About Ida Tarbell

Ida Tarbell
Ida Tarbell | Creative Commons

Tarbell is named after the pioneering investigative journalist and lecturer Ida Minerva Tarbell. Born in Pennsylvania in 1857, Tarbell was known as one of the leading muckrakers of the Progressive Era in the late 19th and early 20th centuries. 

Tarbell is best known for taking on Standard Oil. A writer, her most famous work was her expose of of John D. Rockefeller’s Standard Oil Company. Her work was a sensation, finally published in a two-volume book titled The History of the Standard Oil Company, published in 1904. Tarbell exposed the company’s business tactics, shining light on it’s ethics and lack of consideration for anything or anyone who got in the business’ way. 

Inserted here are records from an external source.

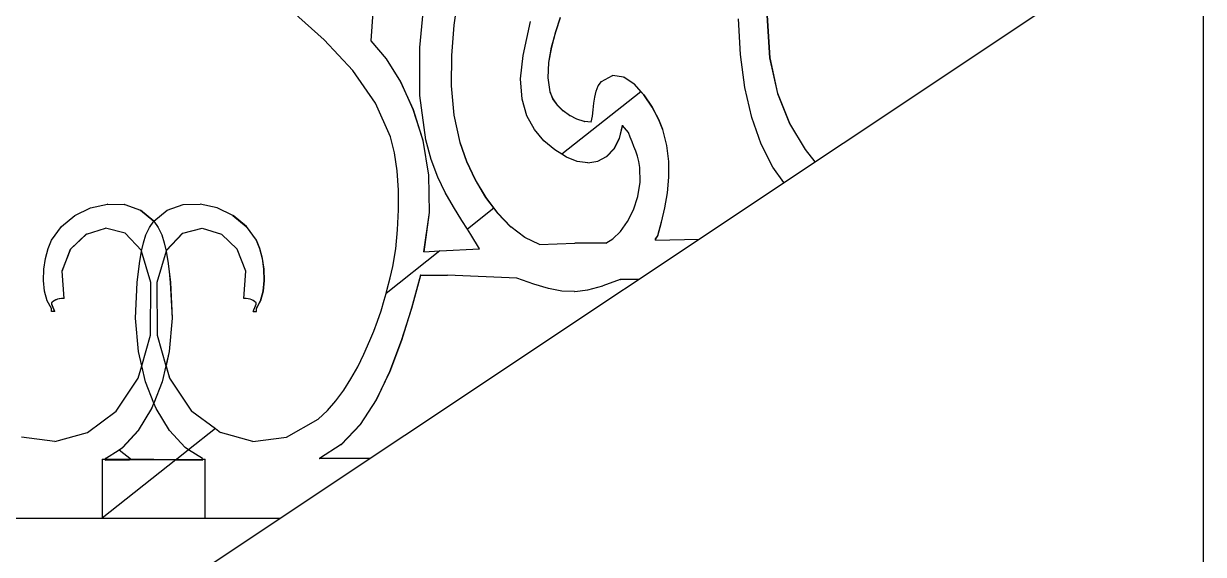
# Model space of a CAD drawing. Header units: inches. Extents: x 1397 to 20304, y -27267 to -746.
# Drawn here: x 2804.76 to 2821.55, y -9228.44 to -9220.88 of the extents above; entities that cross this region are included whole.
import ezdxf

# ---------------------------------------------------------------- set-up
doc = ezdxf.new("R2010")
doc.units = ezdxf.units.IN
doc.header["$LTSCALE"] = 17
doc.header["$MEASUREMENT"] = 0
doc.layers.add('OUTLINE', color=1, linetype='Continuous', lineweight=25)

msp = doc.modelspace()

# ---------------------------------------------------------------- linework, layer by layer
for p, q in [((2809.762, -9220.233), (2809.703, -9221.125)), ((2809.706, -9221.125), (2809.765, -9220.233)), ((2810.4, -9221.222), (2810.465, -9220.52)), ((2810.942, -9220.487), (2810.885, -9220.905)), ((2810.887, -9220.905), (2810.945, -9220.487)), ((2809.038, -9221.111), (2808.584, -9220.708)), ((2811.868, -9221.333), (2811.973, -9220.85)), ((2812.399, -9220.796), (2812.331, -9220.998)), ((2812.334, -9220.998), (2812.401, -9220.796)), ((2814.963, -9221.321), (2814.935, -9220.814)), ((2815.342, -9220.765), (2815.38, -9221.369)), ((2815.383, -9221.369), (2815.344, -9220.765)), ((2810.885, -9220.905), (2810.85, -9221.336)), ((2810.853, -9221.336), (2810.887, -9220.905)), ((2810.885, -9220.905), (2810.887, -9220.905)), ((2812.331, -9220.998), (2812.272, -9221.215)), ((2812.274, -9221.215), (2812.334, -9220.998)), ((2812.331, -9220.998), (2812.334, -9220.998)), ((2809.443, -9221.551), (2809.038, -9221.111)), ((2809.703, -9221.125), (2809.706, -9221.125)), ((2809.703, -9221.125), (2809.919, -9221.384)), ((2809.922, -9221.384), (2809.706, -9221.125)), ((2810.401, -9221.905), (2810.4, -9221.222)), ((2810.85, -9221.336), (2810.846, -9221.767)), ((2810.849, -9221.767), (2810.853, -9221.336)), ((2810.85, -9221.336), (2810.853, -9221.336)), ((2811.833, -9221.67), (2811.868, -9221.333)), ((2812.272, -9221.215), (2812.231, -9221.436)), ((2812.234, -9221.436), (2812.274, -9221.215)), ((2812.272, -9221.215), (2812.274, -9221.215)), ((2815.026, -9221.791), (2814.963, -9221.321)), ((2809.919, -9221.384), (2809.922, -9221.384)), ((2809.919, -9221.384), (2810.124, -9221.712)), ((2810.127, -9221.712), (2809.922, -9221.384)), ((2812.231, -9221.436), (2812.221, -9221.652)), ((2812.224, -9221.652), (2812.234, -9221.436)), ((2812.231, -9221.436), (2812.234, -9221.436)), ((2815.38, -9221.369), (2815.383, -9221.369)), ((2815.38, -9221.369), (2815.491, -9221.876)), ((2815.494, -9221.876), (2815.383, -9221.369)), ((2809.768, -9222.016), (2809.443, -9221.551)), ((2811.855, -9221.955), (2811.833, -9221.67)), ((2812.221, -9221.652), (2812.224, -9221.652)), ((2812.221, -9221.652), (2812.251, -9221.851)), ((2812.254, -9221.851), (2812.224, -9221.652)), ((2812.987, -9221.706), (2813.142, -9221.622)), ((2813.142, -9221.622), (2813.145, -9221.622)), ((2813.298, -9221.643), (2813.145, -9221.622)), ((2813.298, -9221.643), (2813.301, -9221.643)), ((2813.449, -9221.743), (2813.301, -9221.643)), ((2810.124, -9221.712), (2810.127, -9221.712)), ((2810.124, -9221.712), (2810.303, -9222.103)), ((2810.306, -9222.103), (2810.127, -9221.712)), ((2810.846, -9221.767), (2810.849, -9221.767)), ((2810.846, -9221.767), (2810.883, -9222.184)), ((2810.886, -9222.184), (2810.849, -9221.767)), ((2812.251, -9221.851), (2812.254, -9221.851)), ((2812.251, -9221.851), (2812.291, -9221.952)), ((2812.294, -9221.952), (2812.254, -9221.851)), ((2813.547, -9221.851), (2812.421, -9222.743)), ((2812.889, -9221.927), (2812.908, -9221.844)), ((2812.908, -9221.844), (2812.939, -9221.769)), ((2812.939, -9221.769), (2812.987, -9221.706)), ((2813.449, -9221.743), (2813.452, -9221.743)), ((2813.449, -9221.743), (2813.547, -9221.851)), ((2813.59, -9221.895), (2813.452, -9221.743)), ((2813.547, -9221.851), (2813.587, -9221.895)), ((2815.125, -9222.219), (2815.026, -9221.791)), ((2809.983, -9222.494), (2809.768, -9222.016)), ((2810.484, -9222.535), (2810.401, -9221.905)), ((2811.923, -9222.193), (2811.855, -9221.955)), ((2812.291, -9221.952), (2812.294, -9221.952)), ((2812.291, -9221.952), (2812.355, -9222.044)), ((2812.358, -9222.044), (2812.294, -9221.952)), ((2812.869, -9222.108), (2812.878, -9222.016)), ((2812.878, -9222.016), (2812.889, -9221.927)), ((2813.587, -9221.895), (2813.59, -9221.895)), ((2813.587, -9221.895), (2813.705, -9222.071)), ((2813.708, -9222.071), (2813.59, -9221.895)), ((2815.491, -9221.876), (2815.494, -9221.876)), ((2815.491, -9221.876), (2815.663, -9222.305)), ((2815.666, -9222.305), (2815.494, -9221.876)), ((2810.303, -9222.103), (2810.306, -9222.103)), ((2810.303, -9222.103), (2810.441, -9222.548)), ((2810.444, -9222.548), (2810.306, -9222.103)), ((2810.883, -9222.184), (2810.886, -9222.184)), ((2810.883, -9222.184), (2810.97, -9222.577)), ((2810.973, -9222.577), (2810.886, -9222.184)), ((2812.03, -9222.39), (2811.923, -9222.193)), ((2812.355, -9222.044), (2812.437, -9222.125)), ((2812.355, -9222.044), (2812.358, -9222.044)), ((2812.439, -9222.125), (2812.358, -9222.044)), ((2812.437, -9222.125), (2812.439, -9222.125)), ((2812.531, -9222.192), (2812.439, -9222.125)), ((2812.531, -9222.192), (2812.534, -9222.192)), ((2812.634, -9222.243), (2812.534, -9222.192)), ((2812.84, -9222.286), (2812.858, -9222.199)), ((2812.858, -9222.199), (2812.869, -9222.108)), ((2813.705, -9222.071), (2813.708, -9222.071)), ((2813.705, -9222.071), (2813.797, -9222.245)), ((2813.8, -9222.245), (2813.708, -9222.071)), ((2812.634, -9222.243), (2812.636, -9222.243)), ((2812.738, -9222.275), (2812.636, -9222.243)), ((2812.738, -9222.275), (2812.741, -9222.275)), ((2812.84, -9222.286), (2812.741, -9222.275)), ((2813.282, -9222.328), (2813.239, -9222.516)), ((2813.242, -9222.516), (2813.284, -9222.331)), ((2813.284, -9222.331), (2813.282, -9222.328)), ((2813.37, -9222.432), (2813.284, -9222.331)), ((2813.797, -9222.245), (2813.856, -9222.39)), ((2813.797, -9222.245), (2813.8, -9222.245)), ((2813.859, -9222.39), (2813.8, -9222.245)), ((2815.258, -9222.6), (2815.125, -9222.219)), ((2815.663, -9222.305), (2815.666, -9222.305)), ((2815.663, -9222.305), (2815.885, -9222.673)), ((2815.888, -9222.673), (2815.666, -9222.305)), ((2810.039, -9222.72), (2809.983, -9222.494)), ((2810.56, -9222.819), (2810.484, -9222.535)), ((2812.165, -9222.55), (2812.03, -9222.39)), ((2813.239, -9222.516), (2813.162, -9222.664)), ((2813.165, -9222.664), (2813.242, -9222.516)), ((2813.239, -9222.516), (2813.242, -9222.516)), ((2813.394, -9222.499), (2813.37, -9222.432)), ((2813.421, -9222.564), (2813.394, -9222.499)), ((2813.856, -9222.39), (2813.859, -9222.39)), ((2813.856, -9222.39), (2813.913, -9222.617)), ((2813.916, -9222.617), (2813.859, -9222.39)), ((2810.441, -9222.548), (2810.523, -9223.039)), ((2810.441, -9222.548), (2810.444, -9222.548)), ((2810.526, -9223.039), (2810.444, -9222.548)), ((2810.97, -9222.577), (2811.065, -9222.844)), ((2810.97, -9222.577), (2810.973, -9222.577)), ((2811.068, -9222.844), (2810.973, -9222.577)), ((2812.32, -9222.68), (2812.165, -9222.55)), ((2812.421, -9222.743), (2812.32, -9222.68)), ((2813.162, -9222.664), (2813.057, -9222.773)), ((2813.06, -9222.773), (2813.165, -9222.664)), ((2813.162, -9222.664), (2813.165, -9222.664)), ((2813.448, -9222.63), (2813.421, -9222.564)), ((2813.474, -9222.698), (2813.448, -9222.63)), ((2813.498, -9222.769), (2813.474, -9222.698)), ((2813.913, -9222.617), (2813.916, -9222.617)), ((2813.913, -9222.617), (2813.94, -9222.844)), ((2813.943, -9222.844), (2813.916, -9222.617)), ((2815.425, -9222.928), (2815.258, -9222.6)), ((2815.885, -9222.673), (2815.888, -9222.673)), ((2815.885, -9222.673), (2816.025, -9222.849)), ((2816.027, -9222.848), (2815.888, -9222.673)), ((2810.075, -9222.976), (2810.039, -9222.72)), ((2810.653, -9223.067), (2810.56, -9222.819)), ((2811.065, -9222.844), (2811.068, -9222.844)), ((2811.065, -9222.844), (2811.189, -9223.106)), ((2811.192, -9223.106), (2811.068, -9222.844)), ((2812.486, -9222.784), (2812.421, -9222.743)), ((2812.639, -9222.846), (2812.486, -9222.784)), ((2812.79, -9222.865), (2812.639, -9222.846)), ((2812.79, -9222.865), (2812.793, -9222.865)), ((2812.791, -9222.864), (2812.793, -9222.865)), ((2812.793, -9222.865), (2812.931, -9222.84)), ((2812.931, -9222.84), (2812.934, -9222.84)), ((2812.934, -9222.84), (2813.057, -9222.773)), ((2813.057, -9222.773), (2813.06, -9222.773)), ((2813.518, -9222.846), (2813.498, -9222.769)), ((2813.532, -9222.929), (2813.518, -9222.846)), ((2813.94, -9222.844), (2813.941, -9223.069)), ((2813.94, -9222.844), (2813.943, -9222.844)), ((2813.943, -9223.069), (2813.943, -9222.844)), ((2810.095, -9223.252), (2810.075, -9222.976)), ((2810.523, -9223.039), (2810.526, -9223.039)), ((2810.523, -9223.039), (2810.532, -9223.57)), ((2810.535, -9223.57), (2810.526, -9223.039)), ((2813.537, -9223.142), (2813.532, -9222.929)), ((2815.583, -9223.144), (2815.425, -9222.928)), ((2810.76, -9223.288), (2810.653, -9223.067)), ((2811.189, -9223.106), (2811.192, -9223.106)), ((2811.189, -9223.106), (2811.337, -9223.356)), ((2811.34, -9223.356), (2811.192, -9223.106)), ((2813.504, -9223.346), (2813.537, -9223.142)), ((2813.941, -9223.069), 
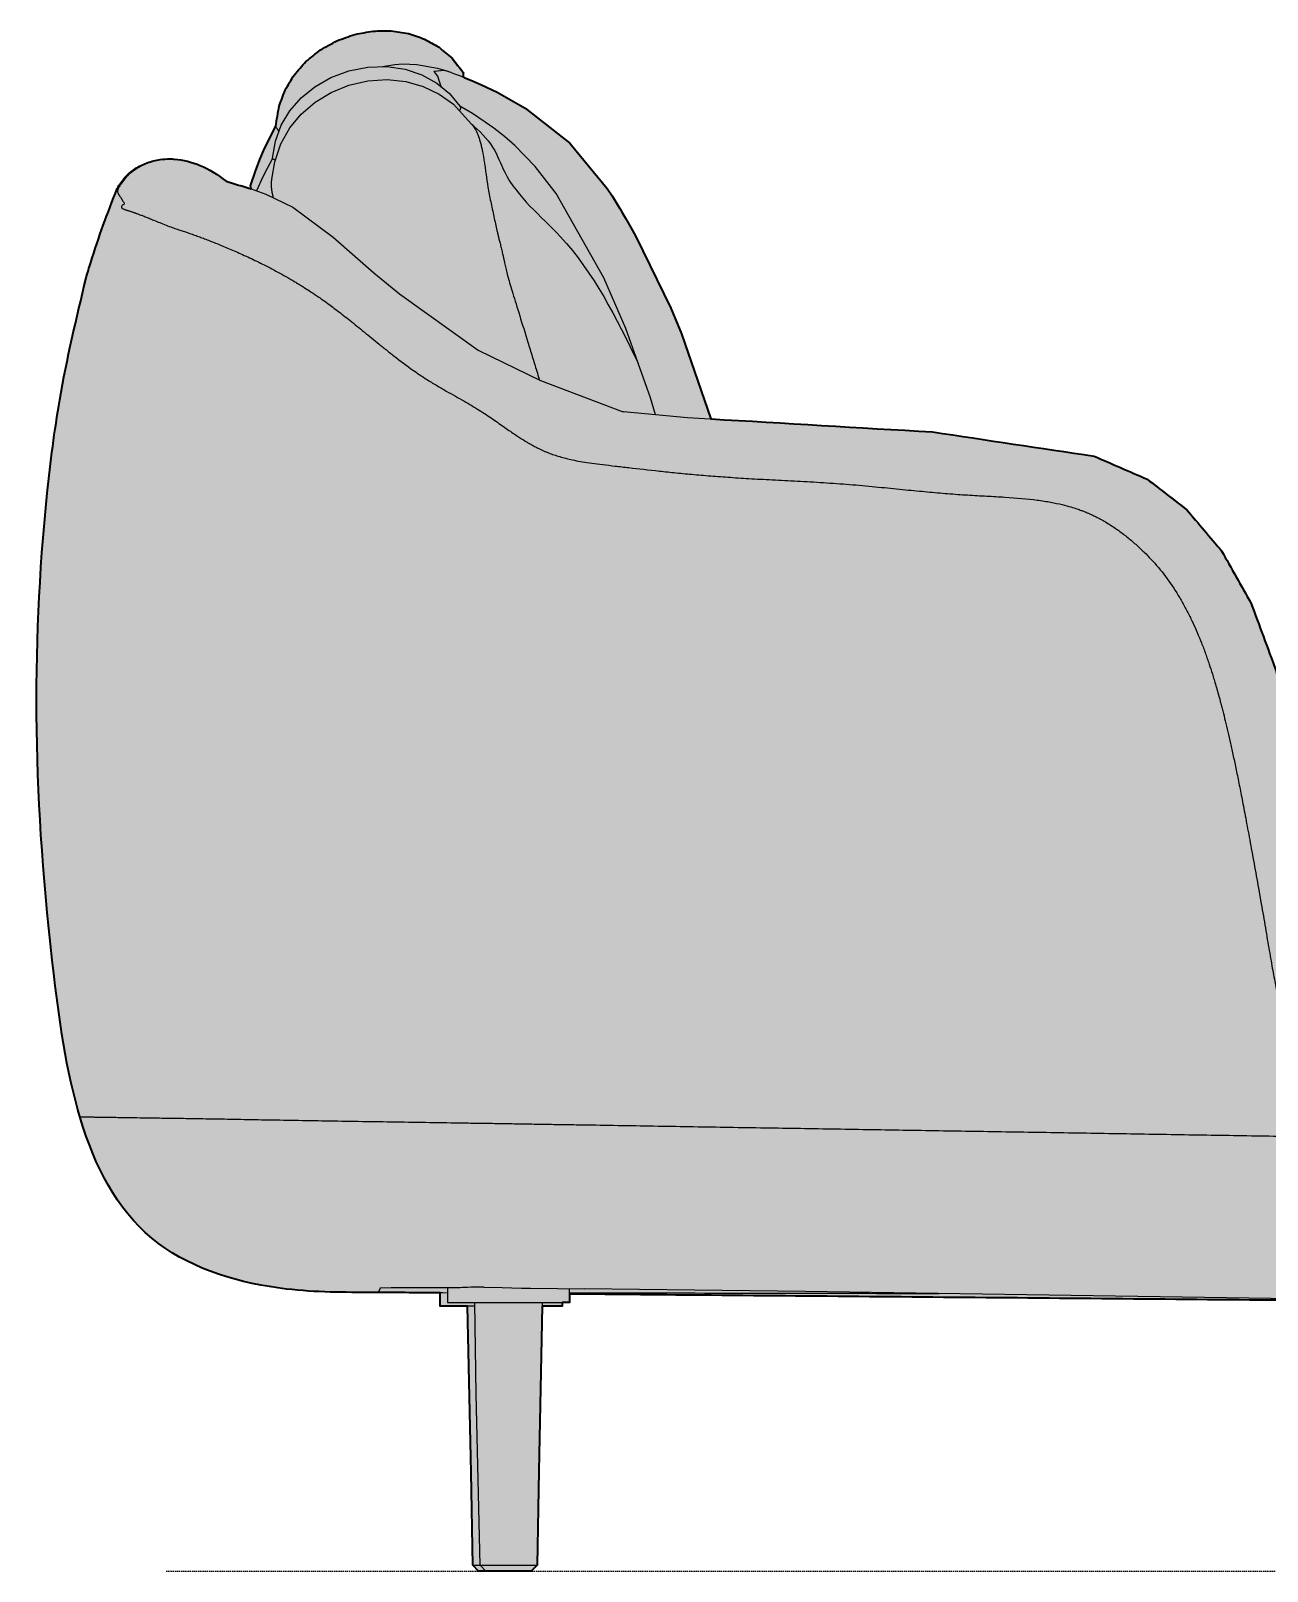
# Model space of a CAD drawing. Header units: millimetres. Extents: x -9 to 4756, y -3292 to 797.
# Drawn here: x 3155 to 3795, y 0 to 797 of the extents above; entities that cross this region are included whole.
import ezdxf

# ---------------------------------------------------------------- set-up
doc = ezdxf.new("R2010")
doc.units = ezdxf.units.MM
doc.linetypes.add('Dots', pattern=[1, 0, -1])
doc.layers.add('Blocks', color=7, linetype='Continuous')
doc.layers.add('Blocks$Fill', color=7, linetype='Continuous', true_color=0xffffff)
for name, color, linetype, lineweight, true_color in [('Blocks$Inner', 7, 'Continuous', 25, 0x007f00), ('Blocks$Outline', 7, 'Continuous', 35, 0xff3f3f), ('Groud', 7, 'Dots', 25, 0x243775)]:
    doc.layers.add(name, color=color, linetype=linetype, lineweight=lineweight, true_color=true_color)

# ---------------------------------------------------------------- blocks, each defined once
blk = doc.blocks.new('Lune JH302 Sofa Left')
at = {"layer": 'Blocks$Fill'}
blk.add_hatch(color=256, dxfattribs=at).paths.add_polyline_path([(1516.77, 321.33), (1522.3, 316.16), (1527.8, 307.46), (1528.55, 305.6), (1529.18, 303.73), (1529.68, 301.84), (1530.07, 299.95), (1530.36, 298.05), (1530.53, 296.15), (1530.61, 294.26), (1530.58, 292.37), (1530.45, 290.51), (1530.23, 288.69), (1529.92, 286.91), (1529.53, 285.2), (1528.58, 282.1), (1527.4, 279.3), (1521.76, 270.8), (1516.55, 266.07), (1516.49, 265.99), (1504.51, 251.45), (1498.65, 244.8), (1492.66, 238.46), (1481.01, 227.54), (1456.88, 210.48), (1522.98, 209.41), (1525.26, 203.28), (1525.26, 203.28), (1525.26, 203.28), (1525.26, 203.28), (1525.26, 203.28), (1525.26, 203.28), (1525.26, 203.28), (1525.26, 203.28), (1525.26, 203.28), (1525.26, 203.28), (1525.26, 203.28), (1525.26, 203.28), (1525.26, 203.28), (1525.26, 203.28), (1525.26, 203.28), (1525.26, 203.28), (1525.26, 203.28), (1525.26, 203.28), (1525.26, 203.28), (1525.26, 203.28), (1525.26, 203.28), (1525.26, 203.28), (1525.26, 203.28), (1525.26, 203.28), (1525.26, 203.28), (1525.26, 203.28), (1525.26, 203.28), (1525.26, 203.28), (1525.26, 203.28), (1525.25, 203.28), (1525.25, 203.28), (1525.25, 203.28), (1525.25, 203.28), (1525.25, 203.28), (1525.25, 203.28), (1525.25, 203.28), (1525.25, 203.28), (1525.25, 203.28), (1525.25, 203.28), (1525.25, 203.28), (1525.25, 203.28), (1525.25, 203.28), (1525.25, 203.28), (1525.25, 203.28), (1525.25, 203.28), (1525.25, 203.28), (1525.25, 203.28), (1525.25, 203.28), (1525.25, 203.28), (1525.25, 203.28), (1525.25, 203.28), (1525.25, 203.28), (1525.25, 203.28), (1525.25, 203.28), (1525.25, 203.28), (1525.25, 203.28), (1525.25, 203.28), (1525.25, 203.28), (1525.25, 203.28), (1515.57, 194.98), (1499.08, 181.87), (1487.45, 173.29), (1474.09, 163.98), (1458.5, 153.72), (1437.97, 140.94), (1424.57, 132.9), (1424.57, 132.9), (1424.57, 132.9), (1424.57, 132.9), (1424.57, 132.9), (1424.57, 132.9), (1424.57, 132.9), (1424.57, 132.9), (1424.57, 132.9), (1424.57, 132.9), (1424.57, 132.9), (1424.57, 132.9), (1424.57, 132.9), (1424.57, 132.9), (1424.57, 132.9), (1424.57, 132.9), (1424.57, 132.9), (1424.57, 132.9), (1424.57, 132.9), (1424.57, 132.9), (1424.57, 132.9), (1424.57, 132.9), (1424.57, 132.9), (1424.57, 132.9), (1424.57, 132.9), (1424.57, 132.9), (1424.57, 132.9), (1424.57, 132.9), (1424.57, 132.9), (1424.57, 132.9), (1424.57, 132.9), (1424.57, 132.9), (1424.57, 132.9), (1424.57, 132.9), (1424.57, 132.9), (1424.57, 132.9), (1424.57, 132.9), (1424.57, 132.9), (1424.57, 132.9), (1424.57, 132.9), (1424.57, 132.9), (1424.57, 132.9), (1424.57, 132.9), (1424.57, 132.9), (1424.57, 132.9), (1424.57, 132.9), (1424.57, 132.9), (1424.57, 132.9), (1424.57, 132.9), (1424.57, 132.9), (1424.57, 132.9), (1424.57, 132.9), (1424.57, 132.9), (1424.57, 132.9), (1422.9, 132.41), (1422.9, 132.41), (1422.9, 132.41), (1422.9, 132.41), (1422.9, 132.41), (1422.9, 132.41), (1422.9, 132.41), (1422.9, 132.41), (1422.9, 132.41), (1422.9, 132.41), (1422.9, 132.41), (1422.9, 132.41), (1422.9, 132.41), (1422.9, 132.41), (1422.9, 132.41), (1422.9, 132.41), (1422.9, 132.41), (1422.9, 132.41), (1422.9, 132.41), (1422.9, 132.41), (1422.9, 132.41), (1422.9, 132.41), (1422.9, 132.41), (1422.9, 132.41), (1422.9, 132.41), (1422.9, 132.41), (1422.9, 132.41), (1422.9, 132.41), (1422.9, 132.41), (1422.9, 132.41), (1422.9, 132.41), (1422.9, 132.41), (1422.9, 132.41), (1422.9, 132.41), (1422.9, 132.41), (1422.9, 132.41), (1422.9, 132.41), (1422.9, 132.41), (1422.9, 132.41), (1422.9, 132.41), (1422.9, 132.41), (1422.9, 132.41), (1422.9, 132.41), (1422.9, 132.41), (1422.9, 132.41), (1422.9, 132.41), (1422.9, 132.41), (1422.9, 132.41), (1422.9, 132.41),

The largest result of Tarbell’s work was a Supreme Court decision in 1911 that found Standard Oil in violation of the Sherman Antitrust Act, finding that Standard Oil was an illegal monopoly ordering the business to split into 34 separate companies. 

Following publication of her book, Tarbell continued to write and lecture. Her legacy lives on following the idea that journalists should “afflict the comfortable and comfort the afflicted.” Here at Tarbell.org, we hope to encompass her beliefs in fighting for the common citizen and standing up what is good and right.